とは言え好奇心が強くなるように教育したのは僕らだし、ツグミも悪い子では無い。
何度か人間を与えて好奇心を満たしてやれば、暴走する事も無くなるだろう。
そう考えて処分は見送り、何処かで人間を用意してやろうと考えていたのだ。
本人はそこまで気にしてなさそう……寧ろツバキの反応を楽しんで居そうだが、念の為フォローを入れておく。
「変な子だなんて可哀想じゃないか。
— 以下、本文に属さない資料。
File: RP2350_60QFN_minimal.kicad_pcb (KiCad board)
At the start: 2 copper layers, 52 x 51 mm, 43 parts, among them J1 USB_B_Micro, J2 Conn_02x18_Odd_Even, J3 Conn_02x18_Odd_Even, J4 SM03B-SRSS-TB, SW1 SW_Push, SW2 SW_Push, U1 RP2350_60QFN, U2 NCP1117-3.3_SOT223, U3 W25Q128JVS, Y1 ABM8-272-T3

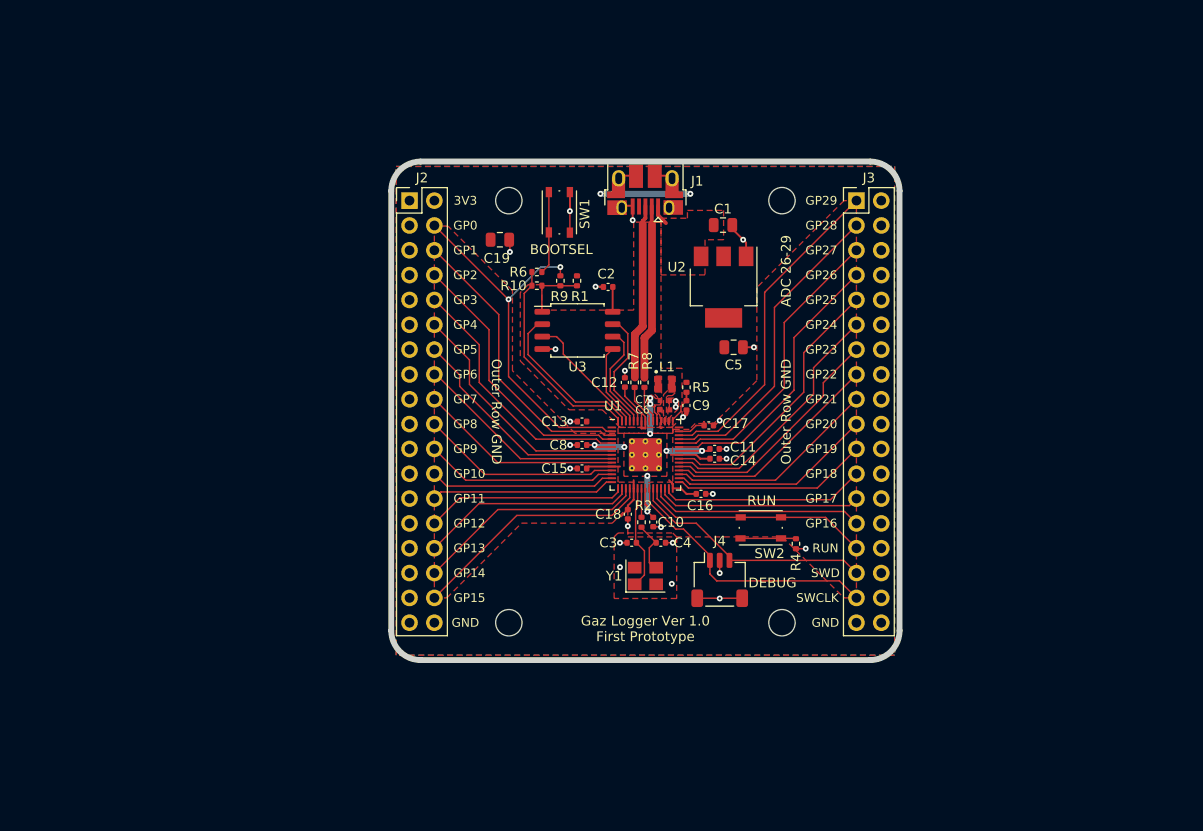
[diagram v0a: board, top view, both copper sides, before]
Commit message: improve design
Improve design, added multiplexer
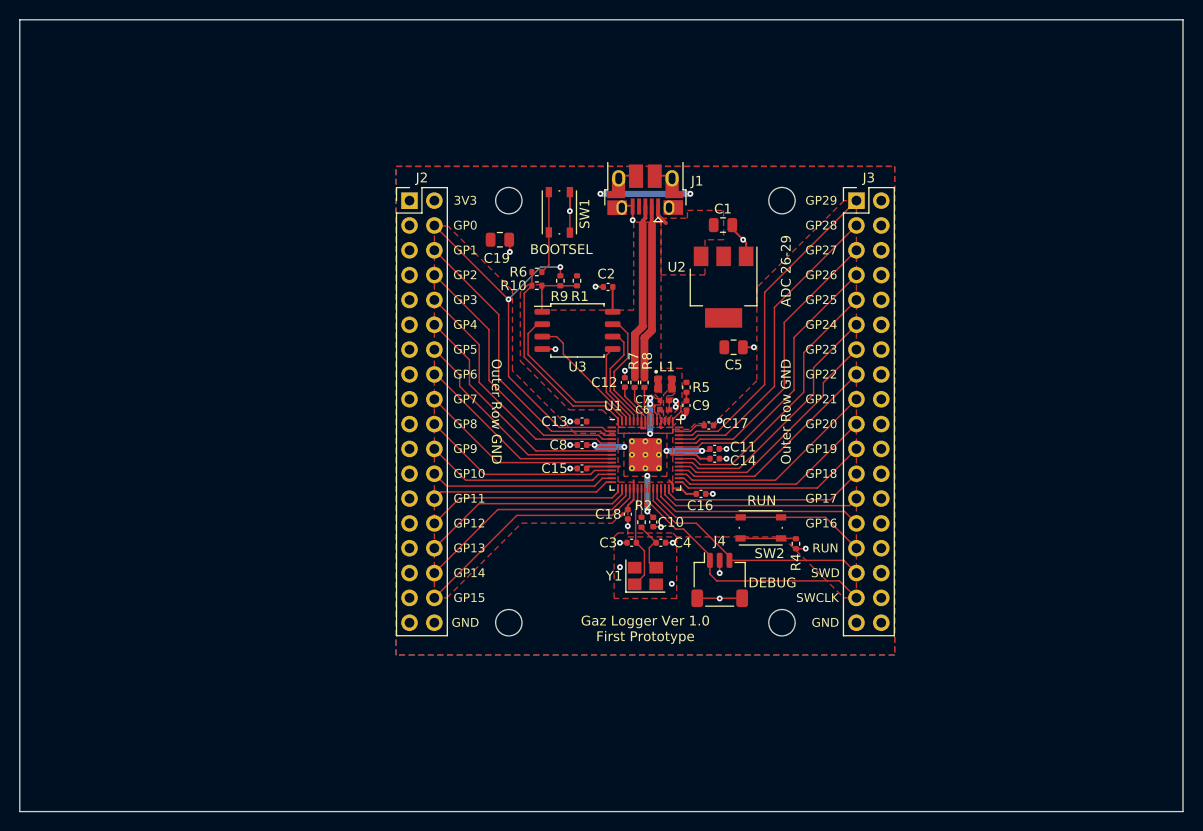
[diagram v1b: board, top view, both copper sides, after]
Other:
- board size 52 x 51 mm -> 119 x 81 mm
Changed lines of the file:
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@@
 		)
 	)
-	(gr_line
-		(start 123 121)
-		(end 77 121)
+	(gr_rect
+		(start 36 55.5)
+		(end 155 136.5)
 		(stroke
-			(width 0.6)
-			(type solid)
+			(width 0.05)
+			(type default)
 		)
+		(fill none)
 		(layer "Edge.Cuts")
 	)
-	(gr_line
-		(start 126 73)
-		(end 126 118)
-		(stroke
-			(width 0.6)
-			(type solid)
-		)
-		(layer "Edge.Cuts")
-	)
-	(gr_line
-		(start 77 70)
-		(end 123 70)
-		(stroke
-			(width 0.6)
-			(type solid)
-		)
-		(layer "Edge.Cuts")
-	)
-	(gr_line
-		(start 74 118)
-		(end 74 73)
-		(stroke
-			(width 0.6)
-			(type solid)
-		)
-		(layer "Edge.Cuts")
-	)
-	(gr_arc
-		(start 123 70)
-		(mid 125.12132 70.87868)
-		(end 126 73)
-		(stroke
-			(width 0.6)
-			(type solid)
-		)
-		(layer "Edge.Cuts")
-	)
-	(gr_arc
-		(start 74 73)
-		(mid 74.87868 70.87868)
-		(end 77 70)
-		(stroke
-			(width 0.6)
-			(type solid)
-		)
-		(layer "Edge.Cuts")
-	)
-	(gr_arc
-		(start 77 121)
-		(mid 74.87868 120.12132)
-		(end 74 118)
-		(stroke
-			(width 0.6)
-			(type solid)
-		)
-		(layer "Edge.Cuts")
-	)
-	(gr_arc
-		(start 126 118)
-		(mid 125.12132 120.12132)
-		(end 123 121)
-		(stroke
-			(width 0.6)
-			(type solid)
-		)
-		(layer "Edge.Cuts")
-	)

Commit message: added resistors matrics
added resistors matrics
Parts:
- removed C3, C4: 15p, Capacitor_SMD:C_0402_1005Metric
- removed R2: 1k, Resistor_SMD:R_0402_1005Metric
- removed Y1: ABM8-272-T3, Crystal:Crystal_SMD_3225-4Pin_3.2x2.5mm
- added C20: 15p, Capacitor_SMD:C_0402_1005Metric, F.Cu at (98.5, 109.0)
- added C21: 100nF, Capacitor_SMD:C_0402_1005Metric, F.Cu at (70.0, 76.0)
- added C22: 15p, Capacitor_SMD:C_0402_1005Metric, F.Cu at (101.5, 109.0)
- added C25: 1nF, Capacitor_SMD:C_0402_1005Metric, F.Cu at (64.0, 72.5)
- added C26: 100nF, Capacitor_SMD:C_0402_1005Metric, F.Cu at (100.5, 154.5)
- added GDT1: ~, Spark-2031-42T-SM-RPLF:TVS_2031-42T-SM-RPLF, F.Cu at (22.0, 170.0)
- added R(ACH)1: 1M, Resistor_SMD:R_0805_2012Metric_Pad1.20x1.40mm_HandSolder, F.Cu at (49.5, 67.5)
- added R11: 620k, Resistor_SMD:R_0805_2012Metric_Pad1.20x1.40mm_HandSolder, F.Cu at (23.5, 87.0)
- added R12: 390k, Resistor_SMD:R_0805_2012Metric_Pad1.20x1.40mm_HandSolder, F.Cu at (23.5, 89.5)
- added R13: 240k, Resistor_SMD:R_0805_2012Metric_Pad1.20x1.40mm_HandSolder, F.Cu at (23.5, 92.0)
- added R14: 160k, Resistor_SMD:R_0805_2012Metric_Pad1.20x1.40mm_HandSolder, F.Cu at (23.5, 94.5)
- added R15: 100k, Resistor_SMD:R_0805_2012Metric_Pad1.20x1.40mm_HandSolder, F.Cu at (23.5, 97.0)
- added R16: 62k, Resistor_SMD:R_0805_2012Metric_Pad1.20x1.40mm_HandSolder, F.Cu at (23.5, 99.5)
- added R17: 39k, Resistor_SMD:R_0805_2012Metric_Pad1.20x1.40mm_HandSolder, F.Cu at (23.5, 102.0)
- added R18: 24k, Resistor_SMD:R_0805_2012Metric_Pad1.20x1.40mm_HandSolder, F.Cu at (23.5, 104.5)
- added R19: 16k, Resistor_SMD:R_0805_2012Metric_Pad1.20x1.40mm_HandSolder, F.Cu at (23.5, 107.0)
- added R20: 10k, Resistor_SMD:R_0805_2012Metric_Pad1.20x1.40mm_HandSolder, F.Cu at (23.5, 109.5)
- added R21: 6.2k, Resistor_SMD:R_0805_2012Metric_Pad1.20x1.40mm_HandSolder, F.Cu at (23.5, 112.0)
- added R22: 3.9k, Resistor_SMD:R_0805_2012Metric_Pad1.20x1.40mm_HandSolder, F.Cu at (23.5, 114.5)
- added R23: 2.4k, Resistor_SMD:R_0805_2012Metric_Pad1.20x1.40mm_HandSolder, F.Cu at (23.5, 117.0)
- added R24: 1.6k, Resistor_SMD:R_0805_2012Metric_Pad1.20x1.40mm_HandSolder, F.Cu at (23.5, 119.5)
- added R25: 1k, Resistor_SMD:R_0805_2012Metric_Pad1.20x1.40mm_HandSolder, F.Cu at (23.5, 122.0)
- added R26: 1k, Resistor_SMD:R_0402_1005Metric, F.Cu at (99.5, 107.0)
- added R27: 10k, Resistor_SMD:R_0805_2012Metric_Pad1.20x1.40mm_HandSolder, F.Cu at (32.8, 69.5)
- added R28: 10k, Resistor_SMD:R_0805_2012Metric_Pad1.20x1.40mm_HandSolder, F.Cu at (32.8, 72.4)
- added R29: 10k, Resistor_SMD:R_0805_2012Metric_Pad1.20x1.40mm_HandSolder, F.Cu at (32.8, 75.3)
- added R3: 1M, Resistor_SMD:R_0805_2012Metric_Pad1.20x1.40mm_HandSolder, F.Cu at (23.5, 84.5)
- added U4: CD74HC4067SM96G4, CD74HC4067SM96G4:SOP65P780X200-24N, F.Cu at (64.0, 77.5)
- added U5: TLV9002IDGKR, TLV9002IDGKR:SOP65P490X110-8N, F.Cu at (23.0, 146.0)
- added U6: ADS1115IDGSR, ADS1115IDGSR:SOP50P490X110-10N, F.Cu at (41.5, 143.5)
- added U7: PCA9306DP1_125, PCA9306DP1_125:SOP65P400X110-8N, F.Cu at (53.0, 147.0)
- added Y2: ABM8-272-T3, Crystal:Crystal_SMD_3225-4Pin_3.2x2.5mm, F.Cu at (100.1, 112.3)
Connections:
- J2 pad 1: GND -> VBUS
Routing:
- net VBUS: track 2.11 -> 47.2 mm
- net GND: track 37.5 -> 68.6 mm, vias 27 -> 29
- net /GPIO0: track 39.0 -> 59.2 mm, vias 2 -> 4
- net /GPIO1: track 29.8 -> 49.2 mm, vias 0 -> 2
- net /GPIO3: track 26.5 -> 38.7 mm
- net /GPIO2: track 28.2 -> 39.6 mm
- net Net-(C4-Pad1): track 5.42 -> 0.00 mm
- net Net-(C22-Pad1): track 0.00 -> 5.42 mm
- net Net-(U4-COMMON_I/O): track 0.00 -> 3.64 mm
- net +3V3: track 37.6 -> 41.2 mm

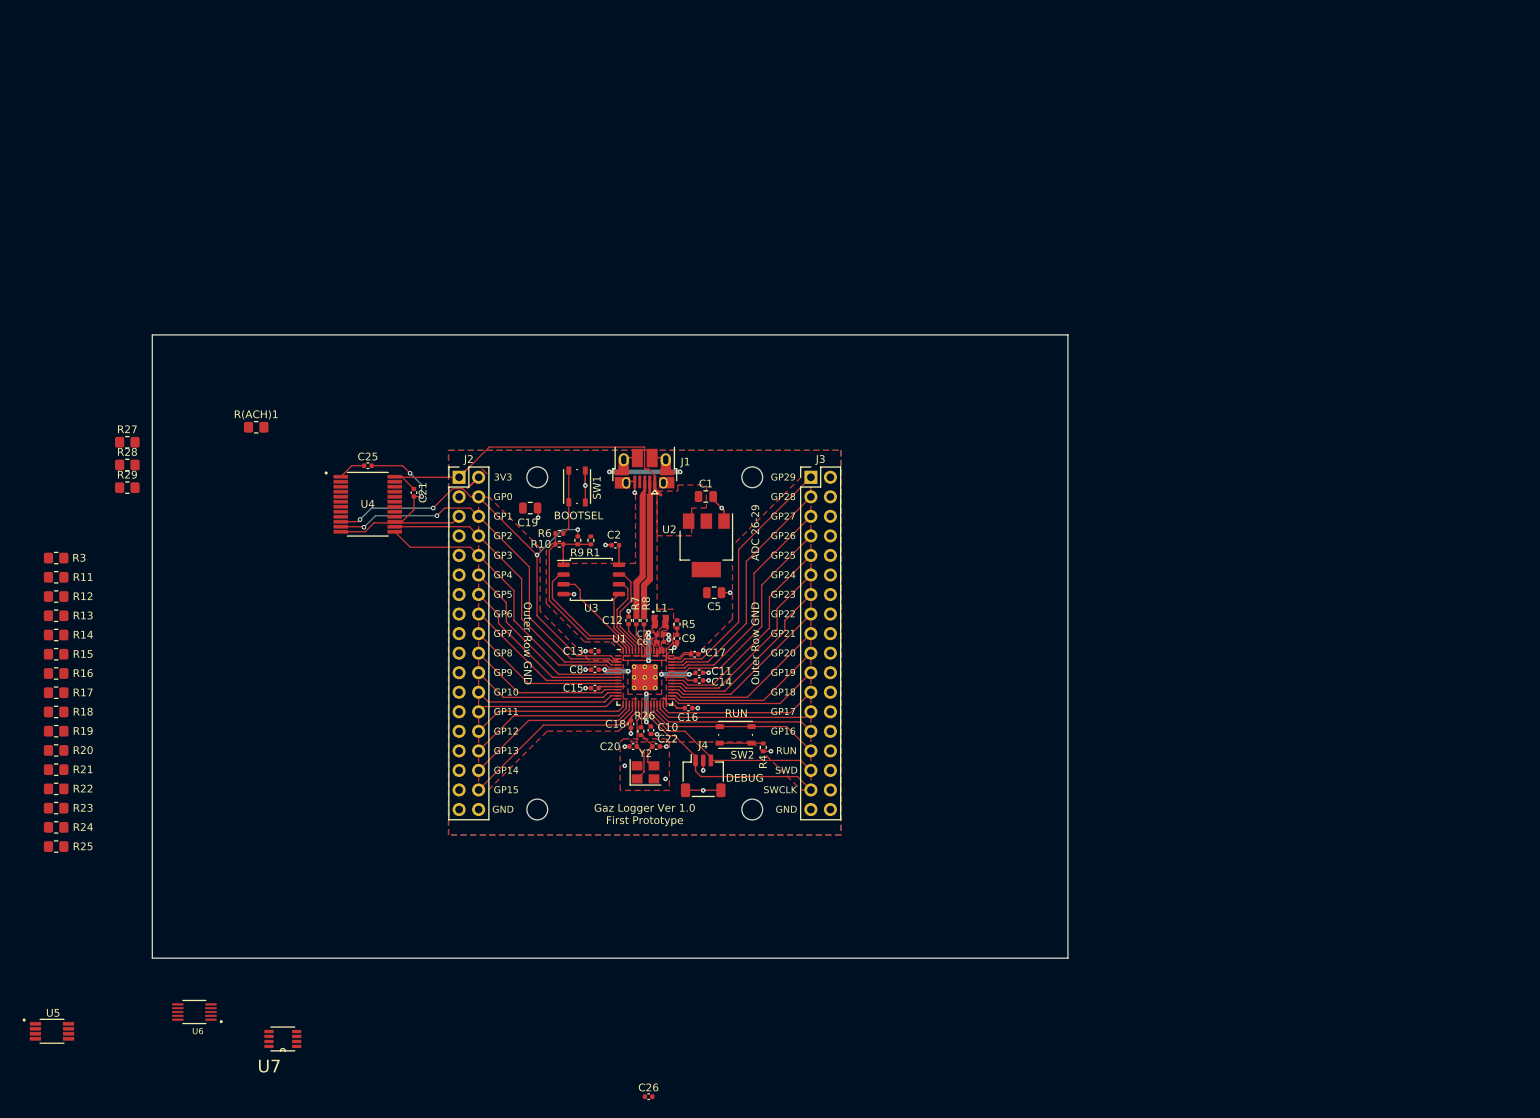
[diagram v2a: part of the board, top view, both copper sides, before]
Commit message: updare resistor matrix
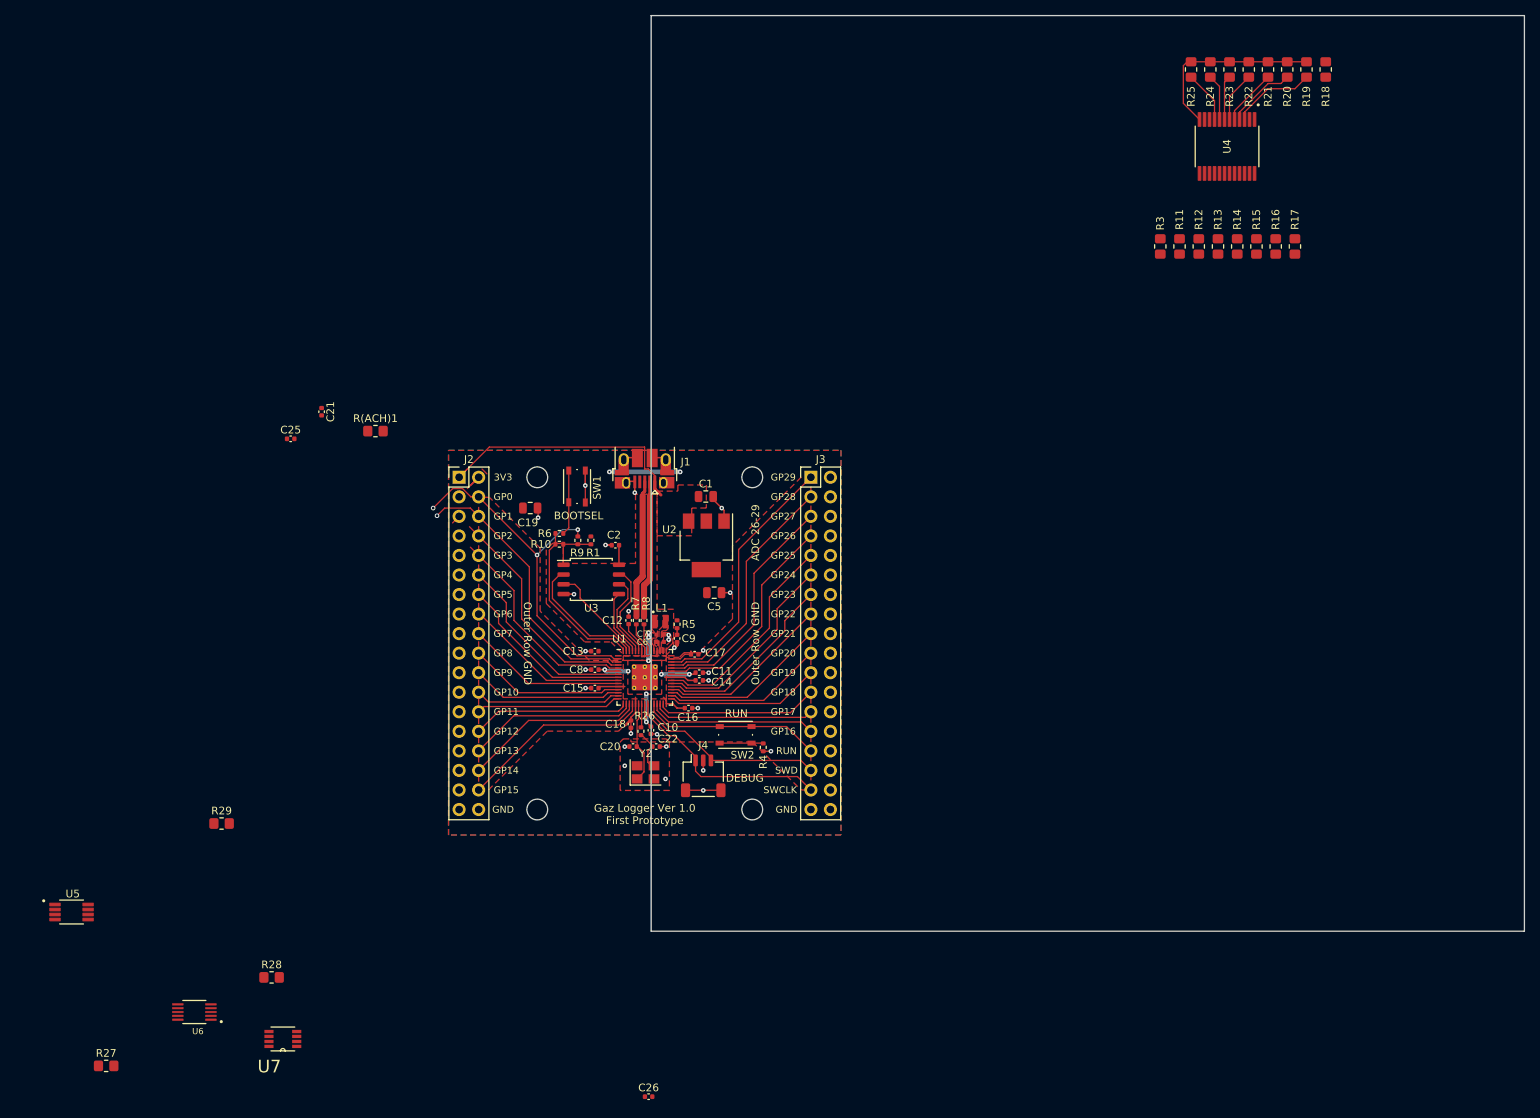
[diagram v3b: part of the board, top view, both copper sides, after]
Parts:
- moved R18 184.9 mm to (188.5, 21.0), turned to 90 degrees
- moved R19 183.9 mm to (186.0, 21.0), turned to 90 degrees
- moved R20 182.8 mm to (183.5, 21.0), turned to 90 degrees
- moved R21 181.9 mm to (181.0, 21.0), turned to 90 degrees
- moved R22 181.0 mm to (178.5, 21.0), turned to 90 degrees
- moved R23 180.2 mm to (176.0, 21.0), turned to 90 degrees
- moved R24 179.4 mm to (173.5, 21.0), turned to 90 degrees
- moved R25 178.8 mm to (171.0, 21.0), turned to 90 degrees
- moved R17 171.1 mm to (184.5, 44.0), turned to -90 degrees
- moved R16 167.9 mm to (182.0, 44.0), turned to -90 degrees
- moved R15 164.8 mm to (179.5, 44.0), turned to -90 degrees
- moved R14 161.6 mm to (177.0, 44.0), turned to -90 degrees
- moved R13 158.4 mm to (174.5, 44.0), turned to -90 degrees
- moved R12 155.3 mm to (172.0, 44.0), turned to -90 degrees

他の子よりもちょっと好奇心が強いだけで、素直で明るい良い子だよ」
「お父さん! それほんと〜?」
「うんうん、ツグミは良い子だ」
「わ〜い!」
ツグミが嬉しそうに抱き着いて来る。
ツグミのように素直で感情表現が豊かな子は、考えている事が分かりやすいので接しやすい。
裏切らないという安心感もある。
「それじゃあ、ツグミ。そろそろあの村娘を起こそうか」
「分かった!」
そんな誰よりも好奇心が強いツグミが、外の世界の人間を手に入れた。
どうやって使うのか、見せてもらおうじゃないか。
ナダール関係の描写に納得出来てないので、何処かでカバーする予定。
主要キャラであるホムンクルス関係も、一気に三人追加した弊害が見え始めています。
まぁ質を問いすぎても疲れるんで、程々に楽しく書いていきます。